Kathy Hirsh-Pasek - Mentions and Appearances
[I believe] in the resiliency of the human spirit and that the negative aspects of pandemic isolation can be mitigated by the type of safety net parents provide for their kids.
The current environment [is] a kind of “social hurricane” with two major risks: Infants and toddlers don’t get to interact with one another and, at the same time, they pick up signals from their parents that other people might be a danger. We’re not meant to be stopped from seeing the other kids who are walking down the street.
If it's educational television and it's well designed TV, it's not so bad for kids. And in fact, can very much help under-resourced children. If, however, it's watching the nightly news or some of the violent programs that we all have on our televisions today, it's pretty terrible for children.
I don’t care if you’re in Mongolia, or China, or the United States or Great Britain. ... Kids grow up the same way.
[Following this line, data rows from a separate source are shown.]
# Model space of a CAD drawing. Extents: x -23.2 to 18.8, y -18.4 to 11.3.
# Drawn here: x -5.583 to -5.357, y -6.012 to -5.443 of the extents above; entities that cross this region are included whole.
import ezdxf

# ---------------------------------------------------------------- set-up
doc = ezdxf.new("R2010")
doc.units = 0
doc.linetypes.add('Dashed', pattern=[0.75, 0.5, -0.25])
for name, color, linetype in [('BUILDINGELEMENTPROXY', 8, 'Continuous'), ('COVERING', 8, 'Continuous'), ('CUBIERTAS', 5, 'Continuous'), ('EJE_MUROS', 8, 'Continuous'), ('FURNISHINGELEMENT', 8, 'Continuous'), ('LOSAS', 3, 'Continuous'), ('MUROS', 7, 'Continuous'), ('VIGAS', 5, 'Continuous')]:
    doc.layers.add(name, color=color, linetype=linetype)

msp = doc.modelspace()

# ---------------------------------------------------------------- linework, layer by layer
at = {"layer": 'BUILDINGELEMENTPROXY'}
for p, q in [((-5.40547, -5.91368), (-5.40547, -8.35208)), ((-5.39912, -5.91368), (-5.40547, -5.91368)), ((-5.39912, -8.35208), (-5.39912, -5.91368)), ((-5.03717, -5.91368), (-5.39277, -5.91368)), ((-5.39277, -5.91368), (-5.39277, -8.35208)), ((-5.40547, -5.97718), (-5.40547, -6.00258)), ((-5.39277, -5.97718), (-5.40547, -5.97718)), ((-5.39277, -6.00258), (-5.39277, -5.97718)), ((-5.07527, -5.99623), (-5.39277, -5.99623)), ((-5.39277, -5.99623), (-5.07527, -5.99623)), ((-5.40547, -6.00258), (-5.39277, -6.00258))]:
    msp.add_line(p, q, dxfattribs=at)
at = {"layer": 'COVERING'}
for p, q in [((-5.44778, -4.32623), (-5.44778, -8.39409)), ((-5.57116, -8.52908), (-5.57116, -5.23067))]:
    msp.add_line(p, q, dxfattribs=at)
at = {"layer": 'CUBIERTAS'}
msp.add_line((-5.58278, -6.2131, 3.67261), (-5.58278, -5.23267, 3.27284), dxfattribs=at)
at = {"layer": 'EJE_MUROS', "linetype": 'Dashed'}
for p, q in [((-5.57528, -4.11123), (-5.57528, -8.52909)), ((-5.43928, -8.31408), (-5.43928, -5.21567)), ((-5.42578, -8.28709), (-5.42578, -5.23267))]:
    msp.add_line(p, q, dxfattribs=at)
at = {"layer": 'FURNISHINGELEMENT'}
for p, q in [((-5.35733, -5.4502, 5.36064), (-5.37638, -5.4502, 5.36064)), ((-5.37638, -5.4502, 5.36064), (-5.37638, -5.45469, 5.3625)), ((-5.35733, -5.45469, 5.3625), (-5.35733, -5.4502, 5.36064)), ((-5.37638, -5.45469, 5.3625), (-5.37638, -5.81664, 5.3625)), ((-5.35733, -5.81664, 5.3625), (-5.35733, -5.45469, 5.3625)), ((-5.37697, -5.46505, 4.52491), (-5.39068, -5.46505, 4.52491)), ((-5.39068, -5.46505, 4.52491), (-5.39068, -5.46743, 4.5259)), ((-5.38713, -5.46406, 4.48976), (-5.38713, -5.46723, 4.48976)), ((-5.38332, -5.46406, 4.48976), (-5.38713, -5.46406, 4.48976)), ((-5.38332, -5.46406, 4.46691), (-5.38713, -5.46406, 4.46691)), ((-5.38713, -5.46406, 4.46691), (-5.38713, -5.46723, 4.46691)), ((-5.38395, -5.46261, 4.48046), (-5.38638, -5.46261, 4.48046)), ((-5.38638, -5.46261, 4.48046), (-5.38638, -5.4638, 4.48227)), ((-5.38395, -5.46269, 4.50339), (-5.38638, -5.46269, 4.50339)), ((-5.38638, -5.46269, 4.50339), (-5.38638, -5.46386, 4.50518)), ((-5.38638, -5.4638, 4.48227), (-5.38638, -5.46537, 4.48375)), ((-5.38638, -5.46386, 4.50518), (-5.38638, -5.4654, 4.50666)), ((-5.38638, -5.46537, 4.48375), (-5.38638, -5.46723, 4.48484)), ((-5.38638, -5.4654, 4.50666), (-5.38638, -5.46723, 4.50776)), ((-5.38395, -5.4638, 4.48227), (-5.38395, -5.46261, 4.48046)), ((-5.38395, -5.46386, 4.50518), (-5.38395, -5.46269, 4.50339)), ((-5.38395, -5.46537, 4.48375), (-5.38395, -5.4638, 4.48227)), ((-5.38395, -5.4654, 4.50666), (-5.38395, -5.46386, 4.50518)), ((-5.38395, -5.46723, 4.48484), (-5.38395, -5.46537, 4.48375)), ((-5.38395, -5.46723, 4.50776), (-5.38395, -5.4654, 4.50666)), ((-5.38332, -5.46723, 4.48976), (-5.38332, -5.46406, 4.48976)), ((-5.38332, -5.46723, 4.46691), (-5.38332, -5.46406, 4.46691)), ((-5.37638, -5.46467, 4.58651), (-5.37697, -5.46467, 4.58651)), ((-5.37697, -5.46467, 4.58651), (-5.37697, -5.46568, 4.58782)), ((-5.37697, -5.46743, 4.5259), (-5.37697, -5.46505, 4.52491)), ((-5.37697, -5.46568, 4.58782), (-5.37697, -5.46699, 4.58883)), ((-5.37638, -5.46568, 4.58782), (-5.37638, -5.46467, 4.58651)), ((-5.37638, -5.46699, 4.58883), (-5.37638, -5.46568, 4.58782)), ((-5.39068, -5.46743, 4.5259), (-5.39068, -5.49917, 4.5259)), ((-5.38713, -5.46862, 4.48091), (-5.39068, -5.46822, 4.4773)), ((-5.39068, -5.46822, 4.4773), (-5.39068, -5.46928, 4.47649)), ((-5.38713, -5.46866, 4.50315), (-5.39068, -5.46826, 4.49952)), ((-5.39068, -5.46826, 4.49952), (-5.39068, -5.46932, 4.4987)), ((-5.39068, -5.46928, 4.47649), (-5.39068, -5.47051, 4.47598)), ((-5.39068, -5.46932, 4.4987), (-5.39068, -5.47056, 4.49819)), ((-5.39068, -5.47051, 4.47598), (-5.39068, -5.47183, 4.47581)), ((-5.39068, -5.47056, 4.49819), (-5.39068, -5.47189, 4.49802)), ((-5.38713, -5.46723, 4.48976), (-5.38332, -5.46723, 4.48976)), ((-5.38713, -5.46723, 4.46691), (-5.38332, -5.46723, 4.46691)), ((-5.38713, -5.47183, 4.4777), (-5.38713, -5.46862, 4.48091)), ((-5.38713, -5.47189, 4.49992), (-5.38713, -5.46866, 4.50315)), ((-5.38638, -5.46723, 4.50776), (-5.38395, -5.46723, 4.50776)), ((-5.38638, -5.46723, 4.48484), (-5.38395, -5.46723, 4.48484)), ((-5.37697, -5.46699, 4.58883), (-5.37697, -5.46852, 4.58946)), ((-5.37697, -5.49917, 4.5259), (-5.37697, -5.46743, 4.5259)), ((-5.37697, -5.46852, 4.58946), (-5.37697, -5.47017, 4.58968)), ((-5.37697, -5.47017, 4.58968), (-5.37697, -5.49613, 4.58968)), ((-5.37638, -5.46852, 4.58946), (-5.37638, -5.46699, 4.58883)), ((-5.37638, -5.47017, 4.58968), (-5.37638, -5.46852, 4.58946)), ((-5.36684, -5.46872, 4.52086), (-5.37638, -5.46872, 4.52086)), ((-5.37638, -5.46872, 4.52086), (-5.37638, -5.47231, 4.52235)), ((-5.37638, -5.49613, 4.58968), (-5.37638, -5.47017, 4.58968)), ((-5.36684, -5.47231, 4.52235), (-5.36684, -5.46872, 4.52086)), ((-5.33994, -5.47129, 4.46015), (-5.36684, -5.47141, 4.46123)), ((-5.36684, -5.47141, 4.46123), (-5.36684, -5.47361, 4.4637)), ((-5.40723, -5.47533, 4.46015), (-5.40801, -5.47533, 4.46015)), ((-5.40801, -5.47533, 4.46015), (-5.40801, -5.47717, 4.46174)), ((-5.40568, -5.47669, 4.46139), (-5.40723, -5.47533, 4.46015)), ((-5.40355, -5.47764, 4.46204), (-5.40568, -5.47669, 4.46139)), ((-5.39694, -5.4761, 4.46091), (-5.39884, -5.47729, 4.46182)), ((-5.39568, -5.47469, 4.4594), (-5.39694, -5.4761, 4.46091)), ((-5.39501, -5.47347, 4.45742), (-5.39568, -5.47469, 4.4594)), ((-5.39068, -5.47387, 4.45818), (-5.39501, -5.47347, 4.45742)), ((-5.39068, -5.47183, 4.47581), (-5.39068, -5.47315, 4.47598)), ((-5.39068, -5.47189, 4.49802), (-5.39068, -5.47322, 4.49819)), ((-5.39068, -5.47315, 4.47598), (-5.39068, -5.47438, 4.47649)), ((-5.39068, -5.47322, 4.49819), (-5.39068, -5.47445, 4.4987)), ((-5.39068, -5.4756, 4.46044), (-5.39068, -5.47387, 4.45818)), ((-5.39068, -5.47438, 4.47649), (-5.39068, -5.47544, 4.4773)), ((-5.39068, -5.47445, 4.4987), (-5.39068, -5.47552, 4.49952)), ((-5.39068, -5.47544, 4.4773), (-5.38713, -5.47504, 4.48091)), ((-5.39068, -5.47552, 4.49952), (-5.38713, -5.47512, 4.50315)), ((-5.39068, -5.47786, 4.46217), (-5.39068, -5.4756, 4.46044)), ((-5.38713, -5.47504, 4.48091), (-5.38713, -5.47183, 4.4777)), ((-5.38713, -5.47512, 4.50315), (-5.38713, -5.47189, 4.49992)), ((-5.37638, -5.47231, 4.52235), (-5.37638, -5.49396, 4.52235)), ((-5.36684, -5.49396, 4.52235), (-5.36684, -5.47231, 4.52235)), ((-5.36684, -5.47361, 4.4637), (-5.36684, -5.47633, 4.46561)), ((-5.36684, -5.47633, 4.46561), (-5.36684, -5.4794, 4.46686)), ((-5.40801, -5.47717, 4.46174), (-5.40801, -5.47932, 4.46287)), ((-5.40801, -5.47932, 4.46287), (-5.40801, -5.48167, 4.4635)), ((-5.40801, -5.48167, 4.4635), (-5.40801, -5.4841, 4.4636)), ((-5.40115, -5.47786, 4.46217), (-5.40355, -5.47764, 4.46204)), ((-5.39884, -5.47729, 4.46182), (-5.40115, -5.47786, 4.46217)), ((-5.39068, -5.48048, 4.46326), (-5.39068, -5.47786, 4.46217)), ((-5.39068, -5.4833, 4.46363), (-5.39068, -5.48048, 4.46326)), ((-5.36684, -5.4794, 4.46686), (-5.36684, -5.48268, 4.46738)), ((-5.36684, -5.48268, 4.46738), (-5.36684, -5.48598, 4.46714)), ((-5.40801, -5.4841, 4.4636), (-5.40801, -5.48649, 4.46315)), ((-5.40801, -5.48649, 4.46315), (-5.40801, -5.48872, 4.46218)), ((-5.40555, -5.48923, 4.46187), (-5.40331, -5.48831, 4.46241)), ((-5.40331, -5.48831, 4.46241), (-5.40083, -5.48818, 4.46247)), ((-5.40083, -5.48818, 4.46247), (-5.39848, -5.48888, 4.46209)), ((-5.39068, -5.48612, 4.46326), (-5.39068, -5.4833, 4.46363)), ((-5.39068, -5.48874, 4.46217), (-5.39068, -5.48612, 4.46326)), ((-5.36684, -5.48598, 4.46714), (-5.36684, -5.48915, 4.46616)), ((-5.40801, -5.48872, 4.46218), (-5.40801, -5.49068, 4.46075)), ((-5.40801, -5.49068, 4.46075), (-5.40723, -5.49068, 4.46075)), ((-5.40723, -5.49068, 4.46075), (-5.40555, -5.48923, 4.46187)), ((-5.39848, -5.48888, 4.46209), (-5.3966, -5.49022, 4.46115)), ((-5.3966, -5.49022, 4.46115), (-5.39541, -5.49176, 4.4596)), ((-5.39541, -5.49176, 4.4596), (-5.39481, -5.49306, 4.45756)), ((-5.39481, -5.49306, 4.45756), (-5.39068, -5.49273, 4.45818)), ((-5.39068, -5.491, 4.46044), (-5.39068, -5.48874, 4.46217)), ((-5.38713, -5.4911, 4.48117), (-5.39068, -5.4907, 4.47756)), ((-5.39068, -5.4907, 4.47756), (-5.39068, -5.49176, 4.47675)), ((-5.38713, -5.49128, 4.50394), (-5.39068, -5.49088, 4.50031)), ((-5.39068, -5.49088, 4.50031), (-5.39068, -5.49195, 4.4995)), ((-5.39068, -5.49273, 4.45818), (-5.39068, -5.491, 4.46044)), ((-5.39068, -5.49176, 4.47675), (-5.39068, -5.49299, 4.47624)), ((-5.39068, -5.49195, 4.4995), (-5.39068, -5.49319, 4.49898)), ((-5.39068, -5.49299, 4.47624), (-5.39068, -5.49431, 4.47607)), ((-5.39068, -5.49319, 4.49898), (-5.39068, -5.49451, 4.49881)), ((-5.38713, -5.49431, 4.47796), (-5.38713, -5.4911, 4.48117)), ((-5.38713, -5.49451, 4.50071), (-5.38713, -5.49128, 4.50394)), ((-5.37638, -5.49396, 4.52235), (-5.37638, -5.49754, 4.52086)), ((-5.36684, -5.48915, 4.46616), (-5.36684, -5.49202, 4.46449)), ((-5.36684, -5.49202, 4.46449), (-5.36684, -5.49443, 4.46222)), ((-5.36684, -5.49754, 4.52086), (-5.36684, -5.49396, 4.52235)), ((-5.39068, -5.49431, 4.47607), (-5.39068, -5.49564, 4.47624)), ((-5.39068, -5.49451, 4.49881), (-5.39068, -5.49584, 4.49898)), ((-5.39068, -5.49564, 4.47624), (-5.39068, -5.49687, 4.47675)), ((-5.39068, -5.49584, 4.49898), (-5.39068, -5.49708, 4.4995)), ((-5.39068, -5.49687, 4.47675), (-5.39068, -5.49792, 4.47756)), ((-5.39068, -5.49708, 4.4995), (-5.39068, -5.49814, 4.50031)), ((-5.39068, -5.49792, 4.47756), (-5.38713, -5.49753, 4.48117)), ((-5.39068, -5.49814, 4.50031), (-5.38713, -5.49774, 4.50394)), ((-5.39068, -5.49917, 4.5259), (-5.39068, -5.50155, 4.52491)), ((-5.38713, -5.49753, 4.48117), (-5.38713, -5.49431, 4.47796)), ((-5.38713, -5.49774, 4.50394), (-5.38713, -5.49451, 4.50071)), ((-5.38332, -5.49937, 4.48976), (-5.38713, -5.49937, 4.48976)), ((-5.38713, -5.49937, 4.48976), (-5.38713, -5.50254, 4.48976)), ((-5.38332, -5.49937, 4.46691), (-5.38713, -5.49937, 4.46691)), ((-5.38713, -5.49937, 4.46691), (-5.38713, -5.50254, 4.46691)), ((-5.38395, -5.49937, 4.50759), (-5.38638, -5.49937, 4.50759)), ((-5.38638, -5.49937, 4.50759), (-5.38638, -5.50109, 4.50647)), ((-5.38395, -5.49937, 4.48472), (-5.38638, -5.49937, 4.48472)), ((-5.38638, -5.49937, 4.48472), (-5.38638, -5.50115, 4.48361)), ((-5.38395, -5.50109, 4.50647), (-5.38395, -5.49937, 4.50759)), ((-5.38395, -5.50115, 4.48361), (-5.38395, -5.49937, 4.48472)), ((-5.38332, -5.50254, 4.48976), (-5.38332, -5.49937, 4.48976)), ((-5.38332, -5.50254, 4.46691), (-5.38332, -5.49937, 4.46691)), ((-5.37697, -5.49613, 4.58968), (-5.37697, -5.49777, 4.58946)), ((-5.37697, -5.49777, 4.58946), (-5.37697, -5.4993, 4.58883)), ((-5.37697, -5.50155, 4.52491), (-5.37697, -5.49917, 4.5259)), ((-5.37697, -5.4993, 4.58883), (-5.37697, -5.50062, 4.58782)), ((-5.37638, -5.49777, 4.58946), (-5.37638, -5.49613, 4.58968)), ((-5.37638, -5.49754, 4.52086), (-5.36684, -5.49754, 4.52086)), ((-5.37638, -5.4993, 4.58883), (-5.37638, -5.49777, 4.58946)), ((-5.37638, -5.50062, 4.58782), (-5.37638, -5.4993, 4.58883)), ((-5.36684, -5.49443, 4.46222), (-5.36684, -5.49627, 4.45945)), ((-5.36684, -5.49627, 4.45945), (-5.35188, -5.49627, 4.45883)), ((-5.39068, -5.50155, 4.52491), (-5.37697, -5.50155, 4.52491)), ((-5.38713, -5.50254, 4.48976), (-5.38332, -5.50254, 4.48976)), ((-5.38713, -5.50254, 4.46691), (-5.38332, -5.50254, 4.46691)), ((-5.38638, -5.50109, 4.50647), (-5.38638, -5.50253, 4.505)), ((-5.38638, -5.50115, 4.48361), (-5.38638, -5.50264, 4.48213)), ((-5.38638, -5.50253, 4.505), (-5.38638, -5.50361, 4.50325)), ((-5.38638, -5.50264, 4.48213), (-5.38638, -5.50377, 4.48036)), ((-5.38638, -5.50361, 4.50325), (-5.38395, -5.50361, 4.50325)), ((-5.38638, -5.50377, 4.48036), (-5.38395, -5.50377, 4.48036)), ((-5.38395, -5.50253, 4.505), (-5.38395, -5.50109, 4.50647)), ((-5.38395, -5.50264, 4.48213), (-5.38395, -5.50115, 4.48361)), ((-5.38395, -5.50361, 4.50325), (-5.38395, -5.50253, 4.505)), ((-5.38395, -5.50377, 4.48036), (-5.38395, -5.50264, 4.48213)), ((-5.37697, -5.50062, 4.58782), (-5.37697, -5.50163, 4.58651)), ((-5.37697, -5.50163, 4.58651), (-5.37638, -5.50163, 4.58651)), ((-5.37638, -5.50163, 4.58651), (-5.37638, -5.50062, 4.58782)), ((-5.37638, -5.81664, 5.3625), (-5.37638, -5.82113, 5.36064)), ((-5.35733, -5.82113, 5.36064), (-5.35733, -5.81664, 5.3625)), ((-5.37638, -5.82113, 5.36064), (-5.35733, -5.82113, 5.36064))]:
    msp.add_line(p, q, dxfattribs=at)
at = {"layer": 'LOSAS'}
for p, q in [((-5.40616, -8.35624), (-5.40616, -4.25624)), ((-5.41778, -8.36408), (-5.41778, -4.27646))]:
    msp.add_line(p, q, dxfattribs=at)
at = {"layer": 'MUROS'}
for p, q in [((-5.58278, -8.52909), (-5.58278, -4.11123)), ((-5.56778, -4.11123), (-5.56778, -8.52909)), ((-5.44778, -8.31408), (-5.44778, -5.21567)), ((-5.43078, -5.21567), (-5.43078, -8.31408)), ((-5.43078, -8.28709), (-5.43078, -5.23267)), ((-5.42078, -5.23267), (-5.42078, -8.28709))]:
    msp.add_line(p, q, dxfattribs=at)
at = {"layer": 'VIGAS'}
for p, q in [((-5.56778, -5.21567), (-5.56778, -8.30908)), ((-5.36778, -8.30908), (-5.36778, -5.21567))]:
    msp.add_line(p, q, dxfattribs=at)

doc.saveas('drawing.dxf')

They need human interaction.
The key to all of this is to create these kinds of environments in the places where people naturally go. If you offer the kinds of stimulation that often happens for free in middle-income or upper-income environments … in underserved communities, imagine what we could do.
One of the biggest concepts is breadth. Learning isn't just K-12. It starts prenatally. If you get a read on what your children are and aren't being exposed to at school, that will suggest the kinds of experiences you want your children to have outside of school.
What we do with little kids today will matter in 20 years. If you don't get it right, you will have an unlivable environment.That's the crisis I see.